Work item. What should come back is the data below, word for word, minus any picture.

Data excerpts
----

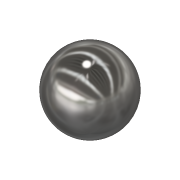
# Autodesk Inventor part: V2_ball_bearing_three_point
Saved by Autodesk Inventor 2019 (Build 230136000, 136)
## iProperties
Created: 2018-07-28
Part Number: V2_ball_bearing_three_point
Material: Generic
Document SubType Name: Modeling
Designer: richp
Density: 1 g/cm^3
Appearance: Default
Author: richp
Autodesk Inventor part; units mm, degrees
ref_plane "YZ Plane" through (0, 0, 0) normal (1, 0, 0) x (0, 1, 0)
ref_plane "XZ Plane" through (0, 0, 0) normal (0, 1, 0) x (-1, 0, 0)
ref_plane "XY Plane" through (0, 0, 0) normal (0, 0, 1) x (1, 0, 0)
sketch "Sketch1" plane through (0, 0, 0) normal (0, 0, 1) x (1, 0, 0)
  circle A0 centre (0, 0) radius 1.1906
  line L0 (-1.6669, 0) -> (1.6669, 0) projected
  line L1 (-1.1906, 0) -> (1.1906, 0)
  dimension "d0" = 2.3813
  constraints: 2 end point, 2 point on circle, 2 point on line, 1 centre point, 1 coincident
  measures "d0" diameter of A0
revolve "Revolution1" add sketch "Sketch1" angle 360 about axis through (-10, 0, 0) along (1, 0, 0) picked at (0.2971, 0.2632) contours L0 A0
equation "\"d0\" = bb_diameter"
equation "\"bb_diameter\" = 2.38125"
body "Solid1"

----

Result for this task.
# Autodesk Inventor part: V2_ball_bearing_three_point
Saved by Autodesk Inventor 2019 (Build 230136000, 136)
## iProperties
Created: 2018-07-28
Part Number: V2_ball_bearing_three_point
Material: Generic
Document SubType Name: Modeling
Designer: richp
Density: 1 g/cm^3
Appearance: Default
Author: richp
Autodesk Inventor part; units mm, degrees
ref_plane "YZ Plane" through (0, 0, 0) normal (1, 0, 0) x (0, 1, 0)
ref_plane "XZ Plane" through (0, 0, 0) normal (0, 1, 0) x (-1, 0, 0)
ref_plane "XY Plane" through (0, 0, 0) normal (0, 0, 1) x (1, 0, 0)
sketch "Sketch1" plane through (0, 0, 0) normal (0, 0, 1) x (1, 0, 0)
  circle A0 centre (0, 0) radius 1.1906
  line L0 (-1.6669, 0) -> (1.6669, 0) projected
  line L1 (-1.1906, 0) -> (1.1906, 0)
  dimension "d0" = 2.3813
  constraints: 2 end point, 2 point on circle, 2 point on line, 1 centre point, 1 coincident
  measures "d0" diameter of A0
revolve "Revolution1" add sketch "Sketch1" angle 360 about axis through (-10, 0, 0) along (1, 0, 0) picked at (0.2971, 0.2632) contours L0 A0
equation "\"d0\" = bb_diameter"
equation "\"bb_diameter\" = 2.38125"
body "Solid1"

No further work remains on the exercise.